Ambassador of Indonesia to Portugal
- In office 20 January 2010 – 2014
- President: Susilo Bambang Yudhoyono
- Preceded by: Francisco Xavier Lopes da Cruz
- Succeeded by: Mulya Wirana

Deputy for Foreign Policy Coordination
- In office 17 March 2005 – 2010
- Preceded by: Amin Rianom
- Succeeded by: Nadjib Riphat Kesoema

Ambassador of Indonesia to Fiji
- In office 30 September 2002 – 28 February 2005
- President: Megawati Sukarnoputri Susilo Bambang Yudhoyono
- Preceded by: Susanto Sutoyo (non-resident)
- Succeeded by: Bambang Guritno

Personal details
- Education: Trisakti University (S.H.)

= Albert Matondang =

Indonesian diplomat

Albert Matondang is an Indonesian diplomat who twice served as an ambassador. He was ambassador to Fiji from 2002 to 2005 and to Portugal from 2010 to 2014. Between his ambassadorial terms, he was the deputy for foreign policy coordination in the office of the coordinating ministry for political, security, and legal affairs.

== Education ==
Albert received his bachelor's degree in law from the Trisakti University in 1976 and completed postgraduate education in diplomacy at the Lady Margaret Hall college of the University of Oxford between 1986 and 1987.

== Diplomatic career ==
Albert began his diplomatic career in 1976, with his maiden overseas posting at the embassy in Tokyo in 1980. He began his tenure as an intern with the rank of attaché before being promoted to a full staff with the rank of third secretary. After several years of service, he was promoted to second secretary, and by 1983 reassigned to the consulate general in Hong Kong. Following a five-year domestic posting, which lasted until 1988, he was sent to Seoul, where he became the embassy's spokesperson with the diplomatic rank of first secretary in charge of socio-cultural and information affairs. After another two years in the foreign ministry, in 1995 he was sent to the embassy in Australia to head its political affairs with the diplomatic rank of minister counsellor. Albert then became the foreign department's chief of training and education agency from 1999 to 2002.
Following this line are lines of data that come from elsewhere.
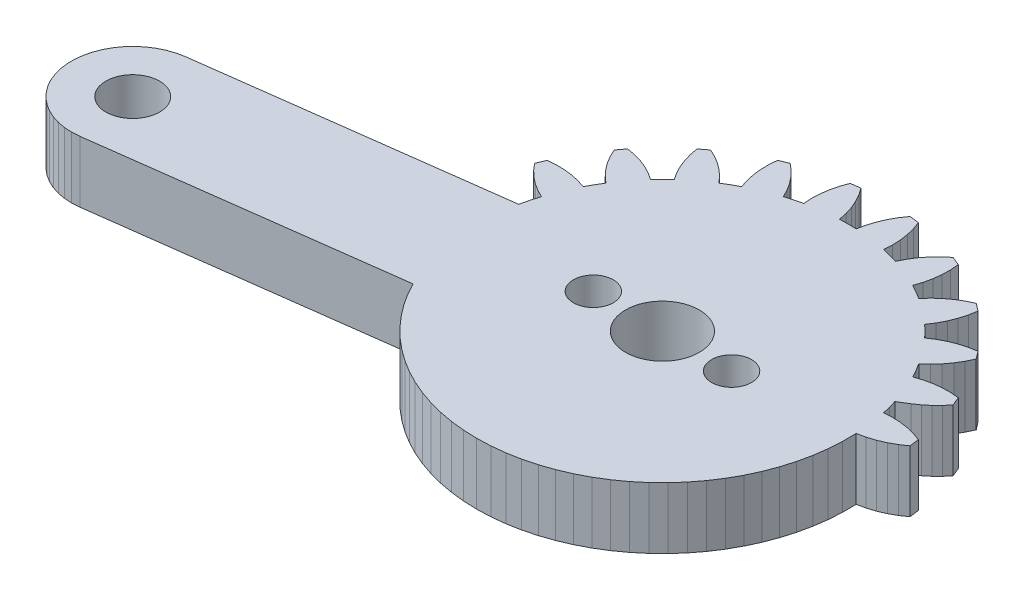
SolidWorks part; units mm, degrees
ref_plane "Front Plane" through (0, 0, 0) normal (0, 0, 1) x (1, 0, 0)
ref_plane "Top Plane" through (0, 0, 0) normal (0, 1, 0) x (1, 0, 0)
ref_plane "Right Plane" through (0, 0, 0) normal (1, 0, 0) x (0, 0, -1)
ref_plane "Plane1" through (0, 0, 0) normal (0, -1, 0) x (1, 0, 0)
sketch "Sketch1" plane through (0, 0, 0) normal (0, -1, 0) x (1, 0, 0)
  line L36 (36.2492, 26.501) -> (35.3663, 26.598)
  line L37 (35.3663, 26.598) -> (34.4786, 26.6301)
  line L38 (34.4786, 26.6301) -> (33.5909, 26.5968)
  line L39 (33.5909, 26.5968) -> (32.7081, 26.4985)
  line L40 (32.7081, 26.4985) -> (31.8349, 26.3357)
  line L41 (31.8349, 26.3357) -> (30.976, 26.1092)
  line L42 (30.976, 26.1092) -> (30.136, 25.8202)
  line L43 (30.136, 25.8202) -> (29.3195, 25.4704)
  line L44 (29.3195, 25.4704) -> (28.5309, 25.0616)
  line L45 (28.5309, 25.0616) -> (27.7744, 24.596)
  line L46 (27.7744, 24.596) -> (27.0541, 24.0761)
  line L47 (27.0541, 24.0761) -> (26.374, 23.5048)
  line L48 (26.374, 23.5048) -> (25.7376, 22.885)
  line L49 (25.7376, 22.885) -> (25.1485, 22.2203)
  line L50 (25.1485, 22.2203) -> (24.6097, 21.514)
  line L51 (24.6097, 21.514) -> (24.1242, 20.7702)
  line L52 (24.1242, 20.7702) -> (23.6946, 19.9927)
  line L53 (23.6946, 19.9927) -> (4.5221, 22.5168)
  line L54 (4.5221, 22.5168) -> (4.0209, 22.5509)
  line L55 (4.0209, 22.5509) -> (3.5195, 22.522)
  line L56 (3.5195, 22.522) -> (3.0255, 22.4305)
  line L57 (3.0255, 22.4305) -> (2.547, 22.2778)
  line L58 (2.547, 22.2778) -> (2.0914, 22.0663)
  line L59 (2.0914, 22.0663) -> (1.6658, 21.7993)
  line L60 (1.6658, 21.7993) -> (1.2771, 21.4812)
  line L61 (1.2771, 21.4812) -> (0.9313, 21.1168)
  line L62 (0.9313, 21.1168) -> (0.634, 20.712)
  line L63 (0.634, 20.712) -> (0.3897, 20.273)
  line L64 (0.3897, 20.273) -> (0.2023, 19.807)
  line L65 (0.2023, 19.807) -> (0.0748, 19.3211)
  line L66 (0.0748, 19.3211) -> (0.0093, 18.8231)
  line L67 (0.0093, 18.8231) -> (0.0066, 18.3207)
  line L68 (0.0066, 18.3207) -> (0.067, 17.822)
  line L69 (0.067, 17.822) -> (0.1894, 17.3349)
  line L70 (0.1894, 17.3349) -> (0.3718, 16.8668)
  line L71 (0.3718, 16.8668) -> (0.6115, 16.4254)
  line L72 (0.6115, 16.4254) -> (0.9046, 16.0175)
  line L73 (0.9046, 16.0175) -> (1.2466, 15.6495)
  line L74 (1.2466, 15.6495) -> (1.6319, 15.3273)
  line L75 (1.6319, 15.3273) -> (2.0547, 15.0559)
  line L76 (2.0547, 15.0559) -> (2.508, 14.8397)
  line L77 (2.508, 14.8397) -> (2.985, 14.6819)
  line L78 (2.985, 14.6819) -> (3.4779, 14.5852)
  line L79 (3.4779, 14.5852) -> (22.6504, 12.0611)
  line L80 (22.6504, 12.0611) -> (22.7897, 11.4699)
  line L81 (22.7897, 11.4699) -> (22.9585, 10.8864)
  line L82 (22.9585, 10.8864) -> (22.4762, 10.6428)
  line L83 (22.4762, 10.6428) -> (22.0208, 10.3523)
  line L84 (22.0208, 10.3523) -> (21.5966, 10.0177)
  line L85 (21.5966, 10.0177) -> (21.208, 9.6424)
  line L86 (21.208, 9.6424) -> (20.8588, 9.2302)
  line L87 (20.8588, 9.2302) -> (21.0977, 8.6535)
  line L88 (21.0977, 8.6535) -> (21.6361, 8.6089)
  line L89 (21.6361, 8.6089) -> (22.1763, 8.6183)
  line L90 (22.1763, 8.6183) -> (22.7128, 8.6817)
  line L91 (22.7128, 8.6817) -> (23.2403, 8.7983)
  line L92 (23.2403, 8.7983) -> (23.7535, 8.967)
  line L93 (23.7535, 8.967) -> (24.0143, 8.4909)
  line L94 (24.0143, 8.4909) -> (24.2962, 8.027)
  line L95 (24.2962, 8.027) -> (23.8935, 7.6669)
  line L96 (23.8935, 7.6669) -> (23.5287, 7.2684)
  line L97 (23.5287, 7.2684) -> (23.2056, 6.8355)
  line L98 (23.2056, 6.8355) -> (22.9274, 6.3724)
  line L99 (22.9274, 6.3724) -> (22.6968, 5.8838)
  line L100 (22.6968, 5.8838) -> (23.0768, 5.3886)
  line L101 (23.0768, 5.3886) -> (23.6084, 5.4849)
  line L102 (23.6084, 5.4849) -> (24.1277, 5.6338)
  line L103 (24.1277, 5.6338) -> (24.6295, 5.8338)
  line L104 (24.6295, 5.8338) -> (25.1089, 6.083)
  line L105 (25.1089, 6.083) -> (25.5609, 6.3788)
  line L106 (25.5609, 6.3788) -> (25.9361, 5.9864)
  line L107 (25.9361, 5.9864) -> (26.3284, 5.6113)
  line L108 (26.3284, 5.6113) -> (26.0326, 5.1593)
  line L109 (26.0326, 5.1593) -> (25.7834, 4.6799)
  line L110 (25.7834, 4.6799) -> (25.5834, 4.1781)
  line L111 (25.5834, 4.1781) -> (25.4345, 3.6587)
  line L112 (25.4345, 3.6587) -> (25.3382, 3.1272)
  line L113 (25.3382, 3.1272) -> (25.8334, 2.7472)
  line L114 (25.8334, 2.7472) -> (26.322, 2.9777)
  line L115 (26.322, 2.9777) -> (26.7851, 3.256)
  line L116 (26.7851, 3.256) -> (27.218, 3.5791)
  line L117 (27.218, 3.5791) -> (27.6166, 3.9438)
  line L118 (27.6166, 3.9438) -> (27.9766, 4.3466)
  line L119 (27.9766, 4.3466) -> (28.4405, 4.0647)
  line L120 (28.4405, 4.0647) -> (28.9167, 3.8039)
  line L121 (28.9167, 3.8039) -> (28.7479, 3.2907)
  line L122 (28.7479, 3.2907) -> (28.6313, 2.7632)
  line L123 (28.6313, 2.7632) -> (28.5679, 2.2266)
  line L124 (28.5679, 2.2266) -> (28.5585, 1.6865)
  line L125 (28.5585, 1.6865) -> (28.6031, 1.1481)
  line L126 (28.6031, 1.1481) -> (29.1798, 0.9092)
  line L127 (29.1798, 0.9092) -> (29.592, 1.2584)
  line L128 (29.592, 1.2584) -> (29.9673, 1.647)
  line L129 (29.9673, 1.647) -> (30.3019, 2.0712)
  line L130 (30.3019, 2.0712) -> (30.5925, 2.5266)
  line L131 (30.5925, 2.5266) -> (30.836, 3.0089)
  line L132 (30.836, 3.0089) -> (31.3571, 2.8566)
  line L133 (31.3571, 2.8566) -> (31.8845, 2.7279)
  line L134 (31.8845, 2.7279) -> (31.8543, 2.1885)
  line L135 (31.8543, 2.1885) -> (31.8782, 1.6488)
  line L136 (31.8782, 1.6488) -> (31.9558, 1.1142)
  line L137 (31.9558, 1.1142) -> (32.0866, 0.59)
  line L138 (32.0866, 0.59) -> (32.269, 0.0815)
  line L139 (32.269, 0.0815) -> (32.8878, 0)
  line L140 (32.8878, 0) -> (33.1957, 0.444)
  line L141 (33.1957, 0.444) -> (33.4576, 0.9165)
  line L142 (33.4576, 0.9165) -> (33.671, 1.4128)
  line L143 (33.671, 1.4128) -> (33.8337, 1.9279)
  line L144 (33.8337, 1.9279) -> (33.9442, 2.4568)
  line L145 (33.9442, 2.4568) -> (34.4869, 2.4446)
  line L146 (34.4869, 2.4446) -> (35.0296, 2.4568)
  line L147 (35.0296, 2.4568) -> (35.1401, 1.9279)
  line L148 (35.1401, 1.9279) -> (35.3029, 1.4128)
  line L149 (35.3029, 1.4128) -> (35.5163, 0.9165)
  line L150 (35.5163, 0.9165) -> (35.7782, 0.444)
  line L151 (35.7782, 0.444) -> (36.086, 0)
  line L152 (36.086, 0) -> (36.7049, 0.0815)
  line L153 (36.7049, 0.0815) -> (36.8873, 0.59)
  line L154 (36.8873, 0.59) -> (37.018, 1.1142)
  line L155 (37.018, 1.1142) -> (37.0957, 1.6488)
  line L156 (37.0957, 1.6488) -> (37.1196, 2.1885)
  line L157 (37.1196, 2.1885) -> (37.0894, 2.7279)
  line L158 (37.0894, 2.7279) -> (37.6168, 2.8566)
  line L159 (37.6168, 2.8566) -> (38.1378, 3.0089)
  line L160 (38.1378, 3.0089) -> (38.3814, 2.5266)
  line L161 (38.3814, 2.5266) -> (38.6719, 2.0712)
  line L162 (38.6719, 2.0712) -> (39.0065, 1.647)
  line L163 (39.0065, 1.647) -> (39.3818, 1.2584)
  line L164 (39.3818, 1.2584) -> (39.7941, 0.9092)
  line L165 (39.7941, 0.9092) -> (40.3707, 1.1481)
  line L166 (40.3707, 1.1481) -> (40.4153, 1.6865)
  line L167 (40.4153, 1.6865) -> (40.4059, 2.2266)
  line L168 (40.4059, 2.2266) -> (40.3426, 2.7632)
  line L169 (40.3426, 2.7632) -> (40.2259, 3.2907)
  line L170 (40.2259, 3.2907) -> (40.0572, 3.8039)
  line L171 (40.0572, 3.8039) -> (40.5333, 4.0647)
  line L172 (40.5333, 4.0647) -> (40.9972, 4.3466)
  line L173 (40.9972, 4.3466) -> (41.3573, 3.9438)
  line L174 (41.3573, 3.9438) -> (41.7558, 3.5791)
  line L175 (41.7558, 3.5791) -> (42.1888, 3.256)
  line L176 (42.1888, 3.256) -> (42.6519, 2.9777)
  line L177 (42.6519, 2.9777) -> (43.1404, 2.7472)
  line L178 (43.1404, 2.7472) -> (43.6356, 3.1272)
  line L179 (43.6356, 3.1272) -> (43.5394, 3.6587)
  line L180 (43.5394, 3.6587) -> (43.3905, 4.1781)
  line L181 (43.3905, 4.1781) -> (43.1904, 4.6799)
  line L182 (43.1904, 4.6799) -> (42.9412, 5.1593)
  line L183 (42.9412, 5.1593) -> (42.6454, 5.6113)
  line L184 (42.6454, 5.6113) -> (43.0378, 5.9864)
  line L185 (43.0378, 5.9864) -> (43.4129, 6.3788)
  line L186 (43.4129, 6.3788) -> (43.865, 6.083)
  line L187 (43.865, 6.083) -> (44.3443, 5.8338)
  line L188 (44.3443, 5.8338) -> (44.8462, 5.6338)
  line L189 (44.8462, 5.6338) -> (45.3655, 5.4849)
  line L190 (45.3655, 5.4849) -> (45.8971, 5.3886)
  line L191 (45.8971, 5.3886) -> (46.2771, 5.8838)
  line L192 (46.2771, 5.8838) -> (46.0465, 6.3724)
  line L193 (46.0465, 6.3724) -> (45.7683, 6.8355)
  line L194 (45.7683, 6.8355) -> (45.4452, 7.2684)
  line L195 (45.4452, 7.2684) -> (45.0804, 7.6669)
  line L196 (45.0804, 7.6669) -> (44.6776, 8.027)
  line L197 (44.6776, 8.027) -> (44.9596, 8.4909)
  line L198 (44.9596, 8.4909) -> (45.2204, 8.967)
  line L199 (45.2204, 8.967) -> (45.7336, 8.7983)
  line L200 (45.7336, 8.7983) -> (46.2611, 8.6817)
  line L201 (46.2611, 8.6817) -> (46.7976, 8.6183)
  line L202 (46.7976, 8.6183) -> (47.3378, 8.6089)
  line L203 (47.3378, 8.6089) -> (47.8762, 8.6535)
  line L204 (47.8762, 8.6535) -> (48.115, 9.2302)
  line L205 (48.115, 9.2302) -> (47.8009, 9.6046)
  line L206 (47.8009, 9.6046) -> (47.4543, 9.9491)
  line L207 (47.4543, 9.9491) -> (47.0779, 10.2609)
  line L208 (47.0779, 10.2609) -> (46.6749, 10.5373)
  line L209 (46.6749, 10.5373) -> (46.0313, 10.9372)
  line L210 (46.0313, 10.9372) -> (46.1745, 11.4332)
  line L211 (46.1745, 11.4332) -> (46.2963, 11.9349)
  line L212 (46.2963, 11.9349) -> (46.8357, 11.9047)
  line L213 (46.8357, 11.9047) -> (47.3754, 11.9286)
  line L214 (47.3754, 11.9286) -> (47.9101, 12.0062)
  line L215 (47.9101, 12.0062) -> (48.4343, 12.137)
  line L216 (48.4343, 12.137) -> (48.9428, 12.3194)
  line L217 (48.9428, 12.3194) -> (49.0242, 12.9382)
  line L218 (49.0242, 12.9382) -> (48.5803, 13.2461)
  line L219 (48.5803, 13.2461) -> (48.1078, 13.508)
  line L220 (48.1078, 13.508) -> (47.6115, 13.7214)
  line L221 (47.6115, 13.7214) -> (47.0963, 13.8841)
  line L222 (47.0963, 13.8841) -> (46.5675, 13.9946)
  line L223 (46.5675, 13.9946) -> (46.5747, 14.8828)
  line L224 (46.5747, 14.8828) -> (46.5168, 15.7692)
  line L225 (46.5168, 15.7692) -> (46.3939, 16.649)
  line L226 (46.3939, 16.649) -> (46.2067, 17.5173)
  line L227 (46.2067, 17.5173) -> (45.9564, 18.3696)
  line L228 (45.9564, 18.3696) -> (45.6441, 19.2012)
  line L229 (45.6441, 19.2012) -> (45.2717, 20.0076)
  line L230 (45.2717, 20.0076) -> (44.841, 20.7845)
  line L231 (44.841, 20.7845) -> (44.3545, 21.5277)
  line L232 (44.3545, 21.5277) -> (43.8148, 22.2332)
  line L233 (43.8148, 22.2332) -> (43.2247, 22.8971)
  line L234 (43.2247, 22.8971) -> (42.5875, 23.516)
  line L235 (42.5875, 23.516) -> (41.9065, 24.0864)
  line L236 (41.9065, 24.0864) -> (41.1855, 24.6052)
  line L237 (41.1855, 24.6052) -> (40.4284, 25.0698)
  line L238 (40.4284, 25.0698) -> (39.6392, 25.4775)
  line L239 (39.6392, 25.4775) -> (38.8223, 25.8262)
  line L240 (38.8223, 25.8262) -> (37.9819, 26.114)
  line L241 (37.9819, 26.114) -> (37.1227, 26.3393)
  line L242 (37.1227, 26.3393) -> (36.2492, 26.501)
  circle A0 centre (4.0017, 18.5574) radius 1.75
  circle A2 centre (38.9914, 14.5352) radius 1.3
  circle A3 centre (34.4869, 14.5373) radius 2.4
  circle A4 centre (29.9869, 14.5373) radius 1.3
extrude "Boss-Extrude1" add sketch "Sketch1" against normal blind 4

In early 2002, president Megawati Sukarnoputri nominated him as Indonesia's first resident ambassador to Fiji following a visit by the foreign department secretary general Arizal Effendi in February that year. He passed the parliamentary selection in June and was sworn in on 30 September 2002. Shortly before his arrival, on 22 August the embassy was opened by the director general of Asia, Pacific, and Africa Makarim Wibisono. He presented his credentials to president Josefa Iloilo in November and paid a courtesy call to prime minister Laisenia Qarase. During his tenure, Albert relayed material and non-material assistance from the Indonesian government to Fiji farmers to improve agriculture outputs. After the 2004 Indian Ocean earthquake and tsunami, which devastated Indonesian provinces of Aceh and North Sumatra, the embassy received donations and assistance, which was welcomed by Albert. Albert's term ended on 28 February 2005, and on 17 March 2005 he became the deputy for foreign policy coordination in the office of the coordinating ministry for political, security, and legal affairs.

Albert was nominated by president Susilo Bambang Yudhoyono as ambassador to Portugal in August 2009. After successfully passing an assessment by the House of Representative's first commission, Albert was sworn in on 20 January 2010. Albert presented his credentials to president on 28 April 2010. During his tenure, he oversaw the signing of an MoU between Indonesia's national news agency Antara and its Portuguese counterpart Lusa in 2011 and a state visit from Portuguese president Aníbal Cavaco Silva—the first of its kind—in 2012. Albert retired from diplomacy in 2014 and became a senior counsel for the Jakarta-based Nah’R Murdono law office.